§ Brief:
Search the material for the word "CIRCLE" and copy each line that holds it.

═══ Data to use ═══

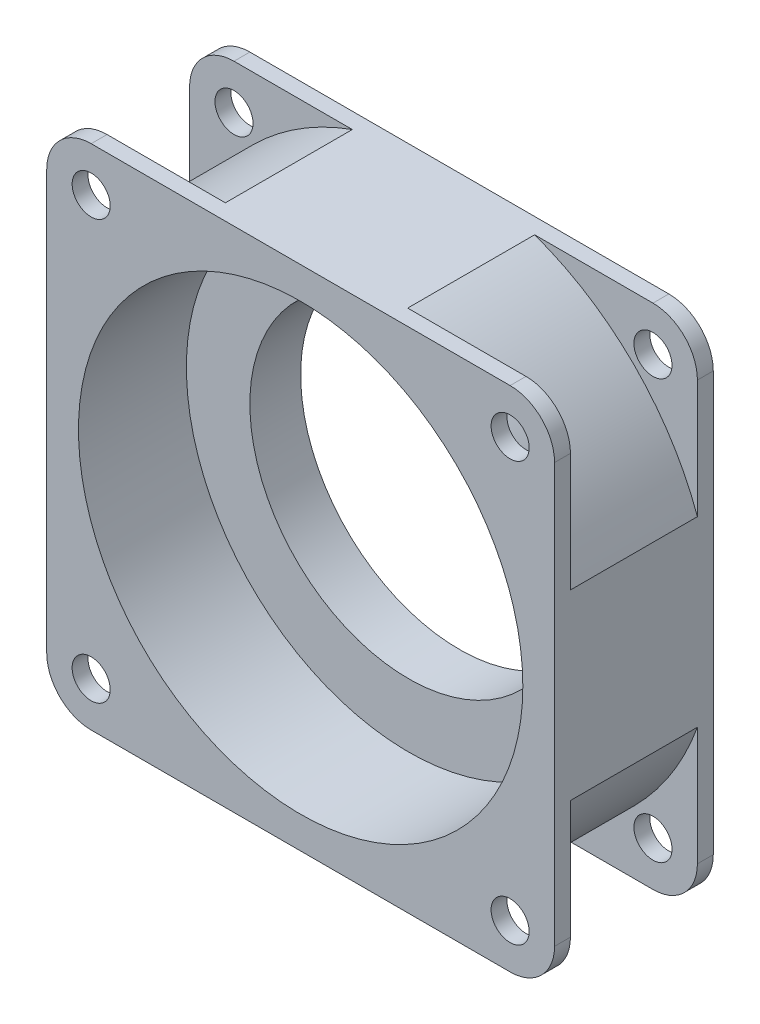
ISO-10303-21;
HEADER;
FILE_DESCRIPTION(('STEP AP214'),'2;1');
FILE_NAME('part.step','',(''),(''),'','','');
FILE_SCHEMA(('AUTOMOTIVE_DESIGN { 1 0 10303 214 1 1 1 1 }'));
ENDSEC;
DATA;
#1=APPLICATION_CONTEXT('core data for automotive mechanical design processes');
#2=APPLICATION_PROTOCOL_DEFINITION('international standard','automotive_design',2000,#1);
#3=PRODUCT_CONTEXT('',#1,'mechanical');
#4=PRODUCT('Part','Part','',(#3));
#5=PRODUCT_RELATED_PRODUCT_CATEGORY('part','',(#4));
#6=PRODUCT_DEFINITION_FORMATION('','',#4);
#7=PRODUCT_DEFINITION_CONTEXT('part definition',#1,'design');
#8=PRODUCT_DEFINITION('design','',#6,#7);
#9=PRODUCT_DEFINITION_SHAPE('','',#8);
#10=(LENGTH_UNIT() NAMED_UNIT(*) SI_UNIT(.MILLI.,.METRE.));
#11=(NAMED_UNIT(*) PLANE_ANGLE_UNIT() SI_UNIT($,.RADIAN.));
#12=(NAMED_UNIT(*) SI_UNIT($,.STERADIAN.) SOLID_ANGLE_UNIT());
#13=UNCERTAINTY_MEASURE_WITH_UNIT(LENGTH_MEASURE(1.E-05),#10,'distance_accuracy_value','');
#14=(GEOMETRIC_REPRESENTATION_CONTEXT(3) GLOBAL_UNCERTAINTY_ASSIGNED_CONTEXT((#13)) GLOBAL_UNIT_ASSIGNED_CONTEXT((#10,
#11,#12)) REPRESENTATION_CONTEXT('',''));
#15=CARTESIAN_POINT('',(0.,0.,0.));
#16=DIRECTION('',(0.,0.,1.));
#17=DIRECTION('',(1.,0.,0.));
#18=AXIS2_PLACEMENT_3D('',#15,#16,#17);
#19=CARTESIAN_POINT('',(0.,0.,12.5));
#20=DIRECTION('',(0.,0.,-1.));
#21=DIRECTION('',(-1.,0.,0.));
#22=AXIS2_PLACEMENT_3D('',#19,#20,#21);
#23=CYLINDRICAL_SURFACE('',#22,42.5);
#24=DIRECTION('',(0.,0.,-1.));
#25=VECTOR('',#24,1.);
#26=CARTESIAN_POINT('',(14.3614066163451,-40.,12.5));
#27=LINE('',#26,#25);
#28=CARTESIAN_POINT('',(14.3614066163451,-40.,10.));
#29=VERTEX_POINT('',#28);
#30=CARTESIAN_POINT('',(14.3614066163451,-40.,-10.));
#31=VERTEX_POINT('',#30);
#32=EDGE_CURVE('E403',#29,#31,#27,.T.);
#33=ORIENTED_EDGE('',*,*,#32,.T.);
#34=CARTESIAN_POINT('',(0.,0.,-10.));
#35=DIRECTION('',(0.,0.,1.));
#36=DIRECTION('',(1.,0.,0.));
#37=AXIS2_PLACEMENT_3D('',#34,#35,#36);
#38=CIRCLE('',#37,42.5);
#39=CARTESIAN_POINT('',(40.,-14.3614066163451,-10.));
#40=VERTEX_POINT('',#39);
#41=EDGE_CURVE('E282',#31,#40,#38,.T.);
#42=ORIENTED_EDGE('',*,*,#41,.T.);
#43=DIRECTION('',(0.,0.,-1.));
#44=VECTOR('',#43,1.);
#45=CARTESIAN_POINT('',(40.,-14.3614066163451,12.5));
#46=LINE('',#45,#44);
#47=CARTESIAN_POINT('',(40.,-14.3614066163451,10.));
#48=VERTEX_POINT('',#47);
#49=EDGE_CURVE('E53',#48,#40,#46,.T.);
#50=ORIENTED_EDGE('',*,*,#49,.F.);
#51=CARTESIAN_POINT('',(0.,0.,10.));
#52=DIRECTION('',(0.,0.,1.));
#53=DIRECTION('',(1.,0.,0.));
#54=AXIS2_PLACEMENT_3D('',#51,#52,#53);
#55=CIRCLE('',#54,42.5);
#56=EDGE_CURVE('E311',#29,#48,#55,.T.);
#57=ORIENTED_EDGE('',*,*,#56,.F.);
#58=EDGE_LOOP('',(#33,#42,#50,#57));
#59=FACE_BOUND('',#58,.T.);
#60=ADVANCED_FACE('F39',(#59),#23,.T.);
#61=CARTESIAN_POINT('',(0.,0.,12.5));
#62=DIRECTION('',(0.,0.,-1.));
#63=DIRECTION('',(-1.,0.,0.));
#64=AXIS2_PLACEMENT_3D('',#61,#62,#63);
#65=CYLINDRICAL_SURFACE('',#64,42.5);
#66=DIRECTION('',(0.,0.,-1.));
#67=VECTOR('',#66,1.);
#68=CARTESIAN_POINT('',(-40.,-14.3614066163451,12.5));
#69=LINE('',#68,#67);
#70=CARTESIAN_POINT('',(-40.,-14.3614066163451,10.));
#71=VERTEX_POINT('',#70);
#72=CARTESIAN_POINT('',(-40.,-14.3614066163451,-10.));
#73=VERTEX_POINT('',#72);
#74=EDGE_CURVE('E391',#71,#73,#69,.T.);
#75=ORIENTED_EDGE('',*,*,#74,.T.);
#76=CARTESIAN_POINT('',(0.,0.,-10.));
#77=DIRECTION('',(0.,0.,1.));
#78=DIRECTION('',(1.,0.,0.));
#79=AXIS2_PLACEMENT_3D('',#76,#77,#78);
#80=CIRCLE('',#79,42.5);
#81=CARTESIAN_POINT('',(-14.3614066163451,-40.,-10.));
#82=VERTEX_POINT('',#81);
#83=EDGE_CURVE('E255',#73,#82,#80,.T.);
#84=ORIENTED_EDGE('',*,*,#83,.T.);
#85=DIRECTION('',(0.,0.,-1.));
#86=VECTOR('',#85,1.);
#87=CARTESIAN_POINT('',(-14.3614066163451,-40.,12.5));
#88=LINE('',#87,#86);
#89=CARTESIAN_POINT('',(-14.3614066163451,-40.,10.));
#90=VERTEX_POINT('',#89);
#91=EDGE_CURVE('E65',#90,#82,#88,.T.);
#92=ORIENTED_EDGE('',*,*,#91,.F.);
#93=CARTESIAN_POINT('',(0.,0.,10.));
#94=DIRECTION('',(0.,0.,1.));
#95=DIRECTION('',(1.,0.,0.));
#96=AXIS2_PLACEMENT_3D('',#93,#94,#95);
#97=CIRCLE('',#96,42.5);
#98=EDGE_CURVE('E347',#71,#90,#97,.T.);
#99=ORIENTED_EDGE('',*,*,#98,.F.);
#100=EDGE_LOOP('',(#75,#84,#92,#99));
#101=FACE_BOUND('',#100,.T.);
#102=ADVANCED_FACE('F498',(#101),#65,.T.);
#103=CARTESIAN_POINT('',(0.,0.,12.5));
#104=DIRECTION('',(0.,0.,-1.));
#105=DIRECTION('',(-1.,0.,0.));
#106=AXIS2_PLACEMENT_3D('',#103,#104,#105);
#107=CYLINDRICAL_SURFACE('',#106,42.5);
#108=DIRECTION('',(0.,0.,-1.));
#109=VECTOR('',#108,1.);
#110=CARTESIAN_POINT('',(-14.3614066163451,40.,12.5));
#111=LINE('',#110,#109);
#112=CARTESIAN_POINT('',(-14.3614066163451,40.,10.));
#113=VERTEX_POINT('',#112);
#114=CARTESIAN_POINT('',(-14.3614066163451,40.,-10.));
#115=VERTEX_POINT('',#114);
#116=EDGE_CURVE('E396',#113,#115,#111,.T.);
#117=ORIENTED_EDGE('',*,*,#116,.T.);
#118=CARTESIAN_POINT('',(0.,0.,-10.));
#119=DIRECTION('',(0.,0.,1.));
#120=DIRECTION('',(1.,0.,0.));
#121=AXIS2_PLACEMENT_3D('',#118,#119,#120);
#122=CIRCLE('',#121,42.5);
#123=CARTESIAN_POINT('',(-40.,14.3614066163451,-10.));
#124=VERTEX_POINT('',#123);
#125=EDGE_CURVE('E913',#115,#124,#122,.T.);
#126=ORIENTED_EDGE('',*,*,#125,.T.);
#127=DIRECTION('',(0.,0.,-1.));
#128=VECTOR('',#127,1.);
#129=CARTESIAN_POINT('',(-40.,14.3614066163451,12.5));
#130=LINE('',#129,#128);
#131=CARTESIAN_POINT('',(-40.,14.3614066163451,10.));
#132=VERTEX_POINT('',#131);
#133=EDGE_CURVE('E398',#132,#124,#130,.T.);
#134=ORIENTED_EDGE('',*,*,#133,.F.);
#135=CARTESIAN_POINT('',(0.,0.,10.));
#136=DIRECTION('',(0.,0.,1.));
#137=DIRECTION('',(1.,0.,0.));
#138=AXIS2_PLACEMENT_3D('',#135,#136,#137);
#139=CIRCLE('',#138,42.5);
#140=EDGE_CURVE('E372',#113,#132,#139,.T.);
#141=ORIENTED_EDGE('',*,*,#140,.F.);
#142=EDGE_LOOP('',(#117,#126,#134,#141));
#143=FACE_BOUND('',#142,.T.);
#144=ADVANCED_FACE('F529',(#143),#107,.T.);
#145=CARTESIAN_POINT('',(33.,33.,12.5));
#146=DIRECTION('',(0.,0.,-1.));
#147=DIRECTION('',(-1.,0.,0.));
#148=AXIS2_PLACEMENT_3D('',#145,#146,#147);
#149=CYLINDRICAL_SURFACE('',#148,7.);
#150=CARTESIAN_POINT('',(33.,33.,10.));
#151=DIRECTION('',(0.,0.,1.));
#152=DIRECTION('',(1.,0.,0.));
#153=AXIS2_PLACEMENT_3D('',#150,#151,#152);
#154=CIRCLE('',#153,7.);
#155=CARTESIAN_POINT('',(33.,40.,10.));
#156=VERTEX_POINT('',#155);
#157=CARTESIAN_POINT('',(40.,32.9999999999999,10.));
#158=VERTEX_POINT('',#157);
#159=EDGE_CURVE('E410',#156,#158,#154,.F.);
#160=ORIENTED_EDGE('',*,*,#159,.F.);
#161=DIRECTION('',(0.,0.,-1.));
#162=VECTOR('',#161,1.);
#163=CARTESIAN_POINT('',(33.,40.,12.5));
#164=LINE('',#163,#162);
#165=CARTESIAN_POINT('',(33.,40.,12.5));
#166=VERTEX_POINT('',#165);
#167=EDGE_CURVE('E50',#166,#156,#164,.T.);
#168=ORIENTED_EDGE('',*,*,#167,.F.);
#169=CARTESIAN_POINT('',(33.,33.,12.5));
#170=DIRECTION('',(0.,0.,1.));
#171=DIRECTION('',(1.,0.,0.));
#172=AXIS2_PLACEMENT_3D('',#169,#170,#171);
#173=CIRCLE('',#172,7.);
#174=CARTESIAN_POINT('',(40.,32.9999999999999,12.5));
#175=VERTEX_POINT('',#174);
#176=EDGE_CURVE('E409',#166,#175,#173,.F.);
#177=ORIENTED_EDGE('',*,*,#176,.T.);
#178=DIRECTION('',(0.,0.,-1.));
#179=VECTOR('',#178,1.);
#180=CARTESIAN_POINT('',(40.,32.9999999999999,12.5));
#181=LINE('',#180,#179);
#182=EDGE_CURVE('E419',#175,#158,#181,.T.);
#183=ORIENTED_EDGE('',*,*,#182,.T.);
#184=EDGE_LOOP('',(#160,#168,#177,#183));
#185=FACE_BOUND('',#184,.T.);
#186=ADVANCED_FACE('F41',(#185),#149,.T.);
#187=CARTESIAN_POINT('',(0.,40.,12.5));
#188=DIRECTION('',(0.,1.,0.));
#189=DIRECTION('',(0.,0.,1.));
#190=AXIS2_PLACEMENT_3D('',#187,#188,#189);
#191=PLANE('',#190);
#192=DIRECTION('',(1.,0.,0.));
#193=VECTOR('',#192,1.);
#194=CARTESIAN_POINT('',(0.,40.,-10.));
#195=LINE('',#194,#193);
#196=CARTESIAN_POINT('',(-33.,40.,-10.));
#197=VERTEX_POINT('',#196);
#198=EDGE_CURVE('E908',#197,#115,#195,.T.);
#199=ORIENTED_EDGE('',*,*,#198,.T.);
#200=ORIENTED_EDGE('',*,*,#116,.F.);
#201=DIRECTION('',(1.,0.,0.));
#202=VECTOR('',#201,1.);
#203=CARTESIAN_POINT('',(0.,40.,10.));
#204=LINE('',#203,#202);
#205=CARTESIAN_POINT('',(-33.,40.,10.));
#206=VERTEX_POINT('',#205);
#207=EDGE_CURVE('E362',#206,#113,#204,.T.);
#208=ORIENTED_EDGE('',*,*,#207,.F.);
#209=DIRECTION('',(0.,0.,-1.));
#210=VECTOR('',#209,1.);
#211=CARTESIAN_POINT('',(-33.,40.,12.5));
#212=LINE('',#211,#210);
#213=CARTESIAN_POINT('',(-33.,40.,12.5));
#214=VERTEX_POINT('',#213);
#215=EDGE_CURVE('E364',#214,#206,#212,.T.);
#216=ORIENTED_EDGE('',*,*,#215,.F.);
#217=DIRECTION('',(1.,0.,0.));
#218=VECTOR('',#217,1.);
#219=CARTESIAN_POINT('',(0.,40.,12.5));
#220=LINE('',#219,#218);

═══

§ Solution for this task:
#38=CIRCLE('',#37,42.5);
#55=CIRCLE('',#54,42.5);
#80=CIRCLE('',#79,42.5);
#97=CIRCLE('',#96,42.5);
#122=CIRCLE('',#121,42.5);
#139=CIRCLE('',#138,42.5);
#154=CIRCLE('',#153,7.);
#173=CIRCLE('',#172,7.);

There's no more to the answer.